> [TASK ITEM]: Reproduce the records starting at the line that contains "point P2 (12.5, -20.5)" and running to the last line, exactly and in full.

> [DATA FOR THIS EXERCISE]:
▬▬▬▬▬▬

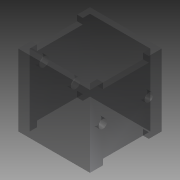
# Autodesk Inventor part: 13_0204_041
Saved by Autodesk Inventor 2012 SP1 (Build 160190100, 190)
## iProperties
Created: 2013-04-08
Part Number: 13_0204_041
Material: Default
Document SubType Name: Modeling
Designer: vogel
Density: 1 g/cm^3
Author: vogel
Autodesk Inventor part; units mm, degrees
ref_plane "YZ Plane" through (0, 0, 0) normal (1, 0, 0) x (0, 1, 0)
ref_plane "XZ Plane" through (0, 0, 0) normal (0, 1, 0) x (-1, 0, 0)
sketch "Skizze1" plane through (0, 0, 0) normal (0, 0, 1) x (1, 0, 0)
  line L0 (-12.5, 12.5) -> (12.5, 12.5)
  line L1 (12.5, 12.5) -> (12.5, -12.5)
  line L2 (12.5, -12.5) -> (-12.5, -12.5)
  line L3 (-12.5, -12.5) -> (-12.5, 12.5)
  line L4 (-17.5, 0) -> (17.5, 0) projected
  line L5 (0, -17.5) -> (0, 17.5) projected
  line L6 (10.5, 10.5) -> (-10.5, 10.5)
  line L7 (-10.5, 10.5) -> (-10.5, -10.5)
  line L8 (-10.5, -10.5) -> (10.5, -10.5)
  line L9 (10.5, -10.5) -> (10.5, 10.5)
  point P0 (0, 0)
  dimension "d0" = 25
  dimension "d1" = 25
  dimension "d2" = 2
  constraints: 16 end point, 4 parallel, 2 perpendicular, 1 horizontal, 5 other
  measures "d0" distance of L2.end L0.start
  measures "d1" distance of L0.start L0.end
  measures "d2" distance between parallel lines of L0 L6
extrude "Extrusion1" add sketch "Skizze1" along normal blind 25 contours L0 L5 L6 L7 L4 L3 | L0 L1 L4 L9 L6 L5 | L4 L7 L8 L5 L2 L3 | L1 L2 L5 L8 L9 L4
sketch "Skizze4" plane through (12.5, -12.5, 0) normal (1, 0, 0) x (0, 0, -1)
  line L0 (-25, 25) -> (-25, 0) projected
  line L1 (0, -5) -> (0, 30) projected
  line L2 (5, 12.5) -> (-30, 12.5) projected
  line L3 (-25, 20.5) -> (-23, 20.5)
  line L4 (-23, 20.5) -> (-23, 4.5)
  line L5 (-23, 4.5) -> (-25, 4.5)
  line L6 (-25, 4.5) -> (-25, 20.5)
  line L7 (0, 20.5) -> (-2, 20.5)
  line L8 (-2, 20.5) -> (-2, 4.5)
  line L9 (-2, 4.5) -> (0, 4.5)
  line L10 (0, 4.5) -> (0, 20.5)
  point P0 (0, 12.5)
  dimension "d9" = 16
  dimension "d10" = 2
  dimension "d11" = 2
  constraints: 16 end point, 4 parallel, 2 collinear, 2 horizontal, 2 perpendicular, 2 point on line, 1 other
  measures "d9" distance of L3.end L4.end
  measures "d10" distance of L3.start L3.end
  measures "d11" distance of L7.start L7.end
extrude "Extrusion3" cut sketch "Skizze4" against normal through all
ref_plane "Arbeitsebene2" through (0, 0, 12.5) normal (0, 0, -1) x (-1, 0, 0)
sketch "Skizze5" plane through (12.5, 12.5, 25) normal (1, 0, 0) x (0, 0, -1)
  line L0 (25, 0) -> (0, 0) projected
  line L1 (25, -25) -> (0, -25) projected
  line L2 (25, -30) -> (25, 5) projected
  line L3 (30, -12.5) -> (-5, -12.5) projected
  line L4 (12.5, -25) -> (12.5, 0)
  point P0 (25, -12.5)
  point P1 (12.5, -4.5)
  point P2 (12.5, -20.5)
  dimension "d15" = 16
  constraints: 2 end point, 2 midpoint, 2 point on line, 1 symmetric about line
  measures "d15" distance of point (12.5, -20.5) point (12.5, -4.5)
hole "Bohrung1" at (12.5, 8, 12.5) at (12.5, -8, 12.5) direction (-1, 0, 0) diameter 3 end up to surface
sketch "Skizze6" plane through (-12.5, -12.5, 0) normal (-1, 0, 0) x (0, 0, 1)
  point P0 (18.5, 7)
hole "Bohrung2" at (-12.5, -5.5, 18.5) direction (1, 0, 0) diameter 3.4 depth 2
sketch "Skizze7" plane through (-12.5, -12.5, 0) normal (-1, 0, 0) x (0, 0, 1)
  point P0 (6.5, 18)
hole "Bohrung4" at (-12.5, 5.5, 6.5) direction (1, 0, 0) diameter 3.4 depth 2

▬▬▬▬▬▬

> [OUTPUT FOR THIS TASK]:
  point P2 (12.5, -20.5)
  dimension "d15" = 16
  constraints: 2 end point, 2 midpoint, 2 point on line, 1 symmetric about line
  measures "d15" distance of point (12.5, -20.5) point (12.5, -4.5)
hole "Bohrung1" at (12.5, 8, 12.5) at (12.5, -8, 12.5) direction (-1, 0, 0) diameter 3 end up to surface
sketch "Skizze6" plane through (-12.5, -12.5, 0) normal (-1, 0, 0) x (0, 0, 1)
  point P0 (18.5, 7)
hole "Bohrung2" at (-12.5, -5.5, 18.5) direction (1, 0, 0) diameter 3.4 depth 2
sketch "Skizze7" plane through (-12.5, -12.5, 0) normal (-1, 0, 0) x (0, 0, 1)
  point P0 (6.5, 18)
hole "Bohrung4" at (-12.5, 5.5, 6.5) direction (1, 0, 0) diameter 3.4 depth 2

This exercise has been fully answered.